Based on my intuition, if $T$ is the UMVUE of $g($$\theta$$)$, then $aT+b$ is the UMVUE of $ag($$\theta$$)+b$ ($a$ and $b$ are constants).
I tried to prove it using the CR inequality of $g($$\theta$$)$ as follows:
$$Var(T) \geq \frac{[\frac{d}{d\theta} g(\theta)]^2}{I_{X_1,...,X_n}(\theta)}$$
But $$[\frac{d}{d\theta} ag(\theta)+b]^2 = a^2[\frac{d}{d\theta} g(\theta)]^2$$ and $$a^2Var(T) = Var(aT) = Var(aT+b),$$ so the UMVUE of $ag($$\theta$$)+b$ is $aT+c$, where $c$ is a constant that can take any value.
Did I prove it the wrong way?
Since $T$ is UMVUE of its expectation, it is (trivially) assumed that first and second moments of $T$ are finite. This in turn implies the first two moments of $aT+b$ are also finite.
Clearly $aT+b$ is unbiased for $ag(\theta)+b$. To show this estimator has the minimum variance among the class of all unbiased estimators, you would need to use a result like this one which says that a necessary and sufficient condition for an unbiased estimator (with finite second moment) to be UMVUE of some parametric function is that it must be uncorrelated with every unbiased estimator of zero.
So suppose $\mathcal U_0$ is the class of all unbiased estimators of zero with finite variances. And $\Omega$ is the set of admissible values of $\theta$.

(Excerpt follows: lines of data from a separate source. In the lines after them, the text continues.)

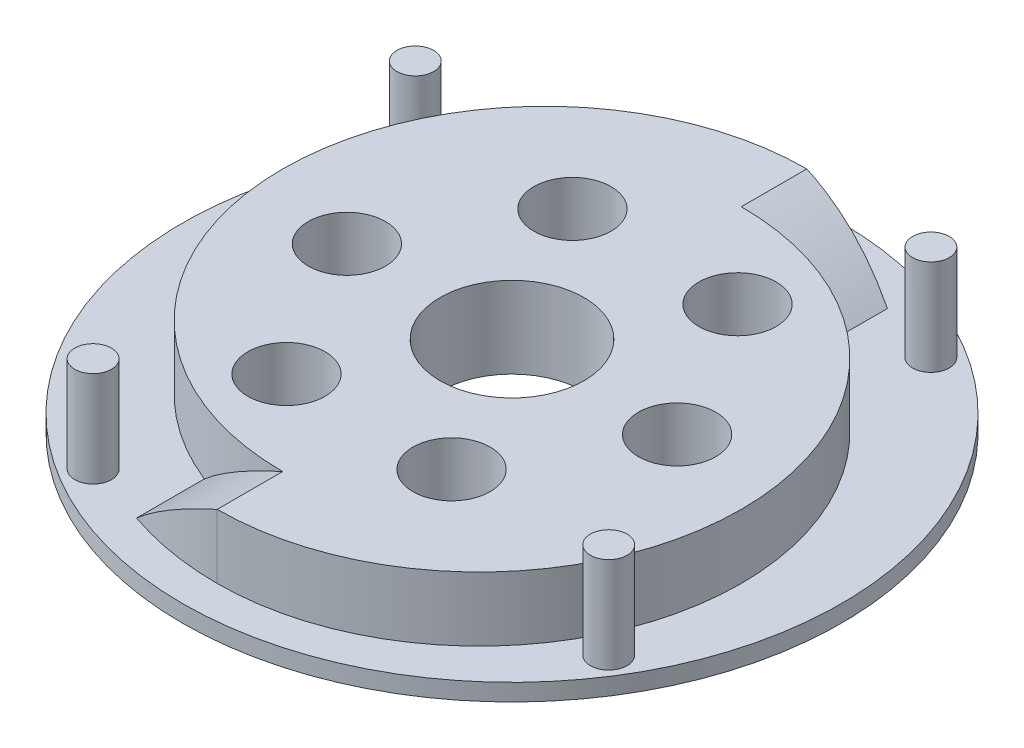
ISO-10303-21;
HEADER;
FILE_DESCRIPTION(('STEP AP214'),'2;1');
FILE_NAME('part.step','',(''),(''),'','','');
FILE_SCHEMA(('AUTOMOTIVE_DESIGN { 1 0 10303 214 1 1 1 1 }'));
ENDSEC;
DATA;
#1=APPLICATION_CONTEXT('core data for automotive mechanical design processes');
#2=APPLICATION_PROTOCOL_DEFINITION('international standard','automotive_design',2000,#1);
#3=PRODUCT_CONTEXT('',#1,'mechanical');
#4=PRODUCT('Part','Part','',(#3));
#5=PRODUCT_RELATED_PRODUCT_CATEGORY('part','',(#4));
#6=PRODUCT_DEFINITION_FORMATION('','',#4);
#7=PRODUCT_DEFINITION_CONTEXT('part definition',#1,'design');
#8=PRODUCT_DEFINITION('design','',#6,#7);
#9=PRODUCT_DEFINITION_SHAPE('','',#8);
#10=(LENGTH_UNIT() NAMED_UNIT(*) SI_UNIT(.MILLI.,.METRE.));
#11=(NAMED_UNIT(*) PLANE_ANGLE_UNIT() SI_UNIT($,.RADIAN.));
#12=(NAMED_UNIT(*) SI_UNIT($,.STERADIAN.) SOLID_ANGLE_UNIT());
#13=UNCERTAINTY_MEASURE_WITH_UNIT(LENGTH_MEASURE(1.E-05),#10,'distance_accuracy_value','');
#14=(GEOMETRIC_REPRESENTATION_CONTEXT(3) GLOBAL_UNCERTAINTY_ASSIGNED_CONTEXT((#13)) GLOBAL_UNIT_ASSIGNED_CONTEXT((#10,
#11,#12)) REPRESENTATION_CONTEXT('',''));
#15=CARTESIAN_POINT('',(0.,0.,0.));
#16=DIRECTION('',(0.,0.,1.));
#17=DIRECTION('',(1.,0.,0.));
#18=AXIS2_PLACEMENT_3D('',#15,#16,#17);
#19=CARTESIAN_POINT('',(0.,3.302,0.));
#20=DIRECTION('',(0.,1.,0.));
#21=DIRECTION('',(0.,0.,1.));
#22=AXIS2_PLACEMENT_3D('',#19,#20,#21);
#23=PLANE('',#22);
#24=CARTESIAN_POINT('',(-31.2270824027338,3.302,49.9737782103062));
#25=DIRECTION('',(0.,1.,0.));
#26=DIRECTION('',(0.,0.,1.));
#27=AXIS2_PLACEMENT_3D('',#24,#25,#26);
#28=CIRCLE('',#27,3.556);
#29=CARTESIAN_POINT('',(-31.2270824027338,3.302,53.5297782103062));
#30=VERTEX_POINT('',#29);
#31=EDGE_CURVE('E11',#30,#30,#28,.T.);
#32=ORIENTED_EDGE('',*,*,#31,.F.);
#33=EDGE_LOOP('',(#32));
#34=FACE_BOUND('',#33,.T.);
#35=CARTESIAN_POINT('',(-49.973778210306,3.302,-31.227082402734));
#36=DIRECTION('',(0.,1.,0.));
#37=DIRECTION('',(0.,0.,1.));
#38=AXIS2_PLACEMENT_3D('',#35,#36,#37);
#39=CIRCLE('',#38,3.556);
#40=CARTESIAN_POINT('',(-49.973778210306,3.302,-27.671082402734));
#41=VERTEX_POINT('',#40);
#42=EDGE_CURVE('E36',#41,#41,#39,.T.);
#43=ORIENTED_EDGE('',*,*,#42,.F.);
#44=EDGE_LOOP('',(#43));
#45=FACE_BOUND('',#44,.T.);
#46=CARTESIAN_POINT('',(31.2270824027342,3.302,-49.9737782103059));
#47=DIRECTION('',(0.,1.,0.));
#48=DIRECTION('',(0.,0.,1.));
#49=AXIS2_PLACEMENT_3D('',#46,#47,#48);
#50=CIRCLE('',#49,3.556);
#51=CARTESIAN_POINT('',(31.2270824027342,3.302,-46.4177782103059));
#52=VERTEX_POINT('',#51);
#53=EDGE_CURVE('E120',#52,#52,#50,.T.);
#54=ORIENTED_EDGE('',*,*,#53,.F.);
#55=EDGE_LOOP('',(#54));
#56=FACE_BOUND('',#55,.T.);
#57=CARTESIAN_POINT('',(49.9737782103058,3.302,31.2270824027344));
#58=DIRECTION('',(0.,1.,0.));
#59=DIRECTION('',(0.,0.,1.));
#60=AXIS2_PLACEMENT_3D('',#57,#58,#59);
#61=CIRCLE('',#60,3.556);
#62=CARTESIAN_POINT('',(49.9737782103058,3.302,34.7830824027344));
#63=VERTEX_POINT('',#62);
#64=EDGE_CURVE('E117',#63,#63,#61,.T.);
#65=ORIENTED_EDGE('',*,*,#64,.F.);
#66=EDGE_LOOP('',(#65));
#67=FACE_BOUND('',#66,.T.);
#68=CARTESIAN_POINT('',(0.,3.302,0.));
#69=DIRECTION('',(0.,1.,0.));
#70=DIRECTION('',(0.,0.,1.));
#71=AXIS2_PLACEMENT_3D('',#68,#69,#70);
#72=CIRCLE('',#71,63.881);
#73=CARTESIAN_POINT('',(0.,3.302,63.881));
#74=VERTEX_POINT('',#73);
#75=EDGE_CURVE('E114',#74,#74,#72,.T.);
#76=ORIENTED_EDGE('',*,*,#75,.T.);
#77=EDGE_LOOP('',(#76));
#78=FACE_BOUND('',#77,.T.);
#79=CARTESIAN_POINT('',(0.,3.302,-6.35));
#80=DIRECTION('',(0.,1.,0.));
#81=DIRECTION('',(0.,0.,1.));
#82=AXIS2_PLACEMENT_3D('',#79,#80,#81);
#83=CIRCLE('',#82,50.8);
#84=CARTESIAN_POINT('',(0.,3.302,-57.15));
#85=VERTEX_POINT('',#84);
#86=CARTESIAN_POINT('',(-18.796,3.302,40.8448131048318));
#87=VERTEX_POINT('',#86);
#88=EDGE_CURVE('E137',#85,#87,#83,.T.);
#89=ORIENTED_EDGE('',*,*,#88,.F.);
#90=CARTESIAN_POINT('',(0.,3.302,0.));
#91=DIRECTION('',(0.,-1.,0.));
#92=DIRECTION('',(0.,0.,-1.));
#93=AXIS2_PLACEMENT_3D('',#90,#91,#92);
#94=CIRCLE('',#93,57.15);
#95=CARTESIAN_POINT('',(18.796,3.302,-53.9706668848922));
#96=VERTEX_POINT('',#95);
#97=EDGE_CURVE('E79',#85,#96,#94,.T.);
#98=ORIENTED_EDGE('',*,*,#97,.T.);
#99=DIRECTION('',(0.,0.,-1.));
#100=VECTOR('',#99,1.);
#101=CARTESIAN_POINT('',(18.796,3.302,500000.));
#102=LINE('',#101,#100);
#103=CARTESIAN_POINT('',(18.796,3.302,-40.8448131047408));
#104=VERTEX_POINT('',#103);
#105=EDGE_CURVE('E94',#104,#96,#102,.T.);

Since $T$ is UMVUE of its expectation, by the result above you have
$$\operatorname{Cov}_{\theta}(T,h)=\operatorname E_{\theta}(Th)=0\quad\forall\,\theta\in\Omega,\,\forall \,h\in \mathcal U_0$$
Therefore,
$$\operatorname E_{\theta}\left[(aT+b)h\right]=a\operatorname E_{\theta}(Th)+b\operatorname E_{\theta}(h)=0\quad\forall\,\theta\in\Omega,\,\forall \,h\in \mathcal U_0$$
That is,
$$\operatorname{Cov}_{\theta}(aT+b,h)=0\quad\forall\,\theta\in\Omega,\,\forall \,h\in \mathcal U_0$$
So $aT+b$ is uncorrelated with every unbiased estimator of zero, proving that it is UMVUE of its expectation $ag(\theta)+b$.
As you might expect, one can extend this argument to say that any real polynomial in $T$ would be the UMVUE of its expectation. Or even a linear combination of UMVUEs is also the UMVUE of its expectation.